Antrag auf Aufhebung des Haftbefehls zurückgewiesen
1. Die Entscheidung über den Antrag auf Aufhebung des Haftbefehls
Die Kammer hat mit Beschluss vom heutigen Tag auf Grundlage der Akten den Antrag des Verteidigers von Herrn Kachelmann auf Aufhebung des Haftbefehls und Freilassung seines Mandanten zurückgewiesen. Herr Kachelmann bleibt damit weiterhin in Untersuchungshaft.
Die Kammer hat im Hinblick auf die zwischenzeitlich eingegangene Beschwerde ausgeführt, dass eine begründete Sachentscheidung bislang nicht ergangen und deshalb über den noch nicht beschiedenen Antrag auf Aufhebung des Haftbefehls zu entscheiden gewesen sei.

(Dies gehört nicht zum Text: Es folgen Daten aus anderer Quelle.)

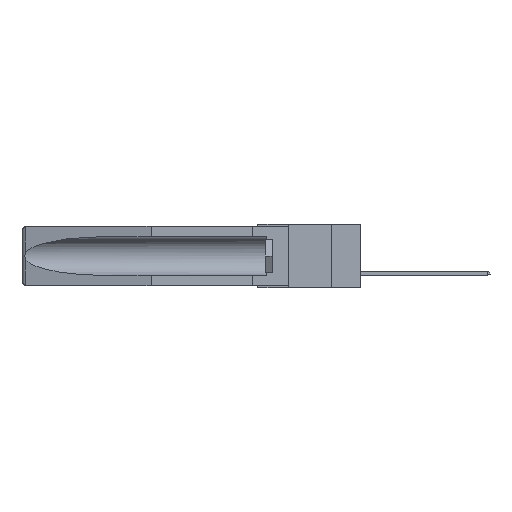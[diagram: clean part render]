
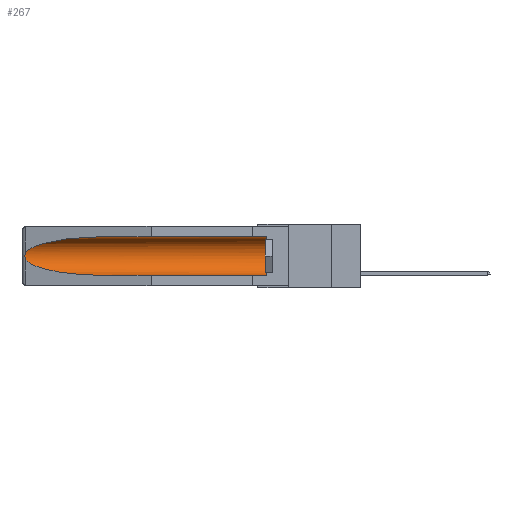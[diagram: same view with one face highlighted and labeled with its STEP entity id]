
A CAD part, left-side view. The second image highlights one B-rep face of the part: STEP entity #267.
In plain terms, the highlighted cylindrical face has radius 2.857 mm (diameter 5.715 mm), a partial arc.
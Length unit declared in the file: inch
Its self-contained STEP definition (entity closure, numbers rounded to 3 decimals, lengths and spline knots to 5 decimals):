
#267 = ADVANCED_FACE ( 'NONE', ( #8428 ), #13030, .F. ) ;
#1115 = DIRECTION ( 'NONE',  ( 0., -1., 0. ) ) ;
#1819 =( BOUNDED_CURVE ( )  B_SPLINE_CURVE ( 3, ( #2689, #4443, #11108, #20127 ),
 .UNSPECIFIED., .F., .T. ) 
 B_SPLINE_CURVE_WITH_KNOTS ( ( 4, 4 ),
 ( 0.1948, 1.5708 ),
 .UNSPECIFIED. ) 
 CURVE ( )  GEOMETRIC_REPRESENTATION_ITEM ( )  RATIONAL_B_SPLINE_CURVE ( ( 1., 0.848, 0.848, 1. ) ) 
 REPRESENTATION_ITEM ( '' )  );
#2103 =( BOUNDED_CURVE ( )  B_SPLINE_CURVE ( 3, ( #10759, #7366, #12440, #17633 ),
 .UNSPECIFIED., .F., .F. ) 
 B_SPLINE_CURVE_WITH_KNOTS ( ( 4, 4 ),
 ( 4.71239, 6.08839 ),
 .UNSPECIFIED. ) 
 CURVE ( )  GEOMETRIC_REPRESENTATION_ITEM ( )  RATIONAL_B_SPLINE_CURVE ( ( 1., 0.848, 0.848, 1. ) ) 
 REPRESENTATION_ITEM ( '' )  );
#2294 = EDGE_CURVE ( 'NONE', #18124, #19988, #21689, .T. ) ;
#2414 = ORIENTED_EDGE ( 'NONE', *, *, #2294, .T. ) ;
#2503 = VECTOR ( 'NONE', #20316, 39.37008 ) ;
#2689 = CARTESIAN_POINT ( 'NONE',  ( 0.26537, 1.52718, -0.19328 ) ) ;
#2865 = EDGE_LOOP ( 'NONE', ( #19960, #3457, #7569, #20056, #19495, #2414 ) ) ;
#2878 = CARTESIAN_POINT ( 'NONE',  ( 0.2675, 1.53308, -0.16763 ) ) ;
#3200 = VERTEX_POINT ( 'NONE', #20639 ) ;
#3457 = ORIENTED_EDGE ( 'NONE', *, *, #10263, .T. ) ;
#3730 = CARTESIAN_POINT ( 'NONE',  ( 0.155, -0.30754, -0.059 ) ) ;
#4443 = CARTESIAN_POINT ( 'NONE',  ( 0.25451, 1.48313, -0.24835 ) ) ;
#4662 = CARTESIAN_POINT ( 'NONE',  ( 0.26655, 1.53094, -0.18657 ) ) ;
#4897 = CARTESIAN_POINT ( 'NONE',  ( 0.155, 1.07973, -0.059 ) ) ;
#5256 = EDGE_CURVE ( 'NONE', #5322, #3200, #8770, .T. ) ;
#5270 = DIRECTION ( 'NONE',  ( 0., 1., 0. ) ) ;
#5322 = VERTEX_POINT ( 'NONE', #13662 ) ;
#5979 = DIRECTION ( 'NONE',  ( 0., 0., 1. ) ) ;
#6388 = CARTESIAN_POINT ( 'NONE',  ( 0.26597, 1.5296, -0.19026 ) ) ;
#7240 = CARTESIAN_POINT ( 'NONE',  ( 0.26537, 1.52718, -0.19328 ) ) ;
#7366 = CARTESIAN_POINT ( 'NONE',  ( 0.21114, 1.30732, -0.059 ) ) ;
#7569 = ORIENTED_EDGE ( 'NONE', *, *, #11176, .T. ) ;
#8143 = CARTESIAN_POINT ( 'NONE',  ( 0.2673, 1.53269, -0.17917 ) ) ;
#8216 = CARTESIAN_POINT ( 'NONE',  ( 0.26537, 1.52718, -0.19328 ) ) ;
#8428 = FACE_OUTER_BOUND ( 'NONE', #2865, .T. ) ;
#8737 = VERTEX_POINT ( 'NONE', #7240 ) ;
#8770 = LINE ( 'NONE', #15287, #2503 ) ;
#9201 = DIRECTION ( 'NONE',  ( 0., 0., 1. ) ) ;
#9859 = VERTEX_POINT ( 'NONE', #21288 ) ;
#10263 = EDGE_CURVE ( 'NONE', #9859, #8737, #18975, .T. ) ;
#10759 = CARTESIAN_POINT ( 'NONE',  ( 0.155, 1.07973, -0.059 ) ) ;
#10863 = CARTESIAN_POINT ( 'NONE',  ( 0.155, -0.30754, -0.1715 ) ) ;
#11108 = CARTESIAN_POINT ( 'NONE',  ( 0.21114, 1.30732, -0.284 ) ) ;
#11176 = EDGE_CURVE ( 'NONE', #8737, #3200, #1819, .T. ) ;
#11490 = CARTESIAN_POINT ( 'NONE',  ( 0.155, 0.126, -0.1715 ) ) ;
#11522 = CARTESIAN_POINT ( 'NONE',  ( 0.26654, 1.53092, -0.15636 ) ) ;
#12440 = CARTESIAN_POINT ( 'NONE',  ( 0.25451, 1.48313, -0.09465 ) ) ;
#12925 = VECTOR ( 'NONE', #5270, 39.37008 ) ;
#13030 = CYLINDRICAL_SURFACE ( 'NONE', #21818, 0.1125 ) ;
#13370 = CARTESIAN_POINT ( 'NONE',  ( 0.2673, 1.5327, -0.16383 ) ) ;
#13662 = CARTESIAN_POINT ( 'NONE',  ( 0.155, 0.126, -0.284 ) ) ;
#15050 = CARTESIAN_POINT ( 'NONE',  ( 0.2675, 1.53308, -0.17534 ) ) ;
#15287 = CARTESIAN_POINT ( 'NONE',  ( 0.155, -0.30754, -0.284 ) ) ;
#15362 = CARTESIAN_POINT ( 'NONE',  ( 0.26537, 1.52718, -0.14972 ) ) ;
#15596 = CARTESIAN_POINT ( 'NONE',  ( 0.155, 0.126, -0.059 ) ) ;
#17158 = CIRCLE ( 'NONE', #19972, 0.1125 ) ;
#17633 = CARTESIAN_POINT ( 'NONE',  ( 0.26537, 1.52718, -0.14972 ) ) ;
#18124 = VERTEX_POINT ( 'NONE', #15596 ) ;
#18975 = B_SPLINE_CURVE_WITH_KNOTS ( 'NONE', 3,
 ( #15362, #22010, #11522, #13370, #2878, #15050, #8143, #4662, #6388, #8216 ),
 .UNSPECIFIED., .F., .F.,
 ( 4, 2, 2, 2, 4 ),
 ( 0., 0.00029, 0.00058, 0.00087, 0.00117 ),
 .UNSPECIFIED. ) ;
#19495 = ORIENTED_EDGE ( 'NONE', *, *, #20756, .T. ) ;
#19960 = ORIENTED_EDGE ( 'NONE', *, *, #20290, .T. ) ;
#19972 = AXIS2_PLACEMENT_3D ( 'NONE', #11490, #1115, #5979 ) ;
#19988 = VERTEX_POINT ( 'NONE', #4897 ) ;
#20056 = ORIENTED_EDGE ( 'NONE', *, *, #5256, .F. ) ;
#20127 = CARTESIAN_POINT ( 'NONE',  ( 0.155, 1.07973, -0.284 ) ) ;
#20290 = EDGE_CURVE ( 'NONE', #19988, #9859, #2103, .T. ) ;
#20316 = DIRECTION ( 'NONE',  ( 0., 1., 0. ) ) ;
#20639 = CARTESIAN_POINT ( 'NONE',  ( 0.155, 1.07973, -0.284 ) ) ;
#20756 = EDGE_CURVE ( 'NONE', #5322, #18124, #17158, .T. ) ;
#21288 = CARTESIAN_POINT ( 'NONE',  ( 0.26537, 1.52718, -0.14972 ) ) ;
#21569 = DIRECTION ( 'NONE',  ( 0., 1., 0. ) ) ;
#21689 = LINE ( 'NONE', #3730, #12925 ) ;
#21818 = AXIS2_PLACEMENT_3D ( 'NONE', #10863, #21569, #9201 ) ;
#22010 = CARTESIAN_POINT ( 'NONE',  ( 0.26597, 1.52961, -0.15275 ) ) ;

Der Erlass eines Haftbefehls wie auch die Entscheidung, den Haftbefehl aufrecht zu erhalten, setzen voraus, dass ein dringender Tatverdacht besteht, dass ein Haftgrund vorliegt und dass die Anordnung und der Vollzug der Untersuchungshaft verhältnismäßig sind (§ 112 StPO; s. unten).
Die Kammer führt zur Voraussetzung des dringenden Tatverdachts aus, dass die Aussage des mutmaßlichen Opfers zur Tat sowie zum Geschehen vor und nach der Tat nach Aktenlage glaubhaft sei. Demgegenüber wirke die Einlassung von Herrn Kachelmann zum Ablauf des Geschehens am mutmaßlichen Tatabend u.a. im Hinblick auf das sich aus den Akten ergebende Bild seiner Persönlichkeit und der Persönlichkeit des mutmaßlichen Opfers sowie der Eigenart ihrer Beziehung als wenig plausibel.
Die Kammer führt ferner aus, dass die Glaubhaftigkeit der Angaben des mutmaßlichen Opfers nach Aktenlage bei einer Gesamtbetrachtung auch unter Berücksichtigung der von der Verteidigung vorgetragenen Einwände nicht nur durch das Nachtatverhalten einschließlich des Ablaufs der Anzeigenerstattung und das Ergebnis der rechtsmedizinischen Untersuchungen in Heidelberg, sondern u.a. auch durch die in ihrer Gesamtheit zu betrachtenden Ausführungen in dem aussagepsychologischen Gutachten gestützt werden.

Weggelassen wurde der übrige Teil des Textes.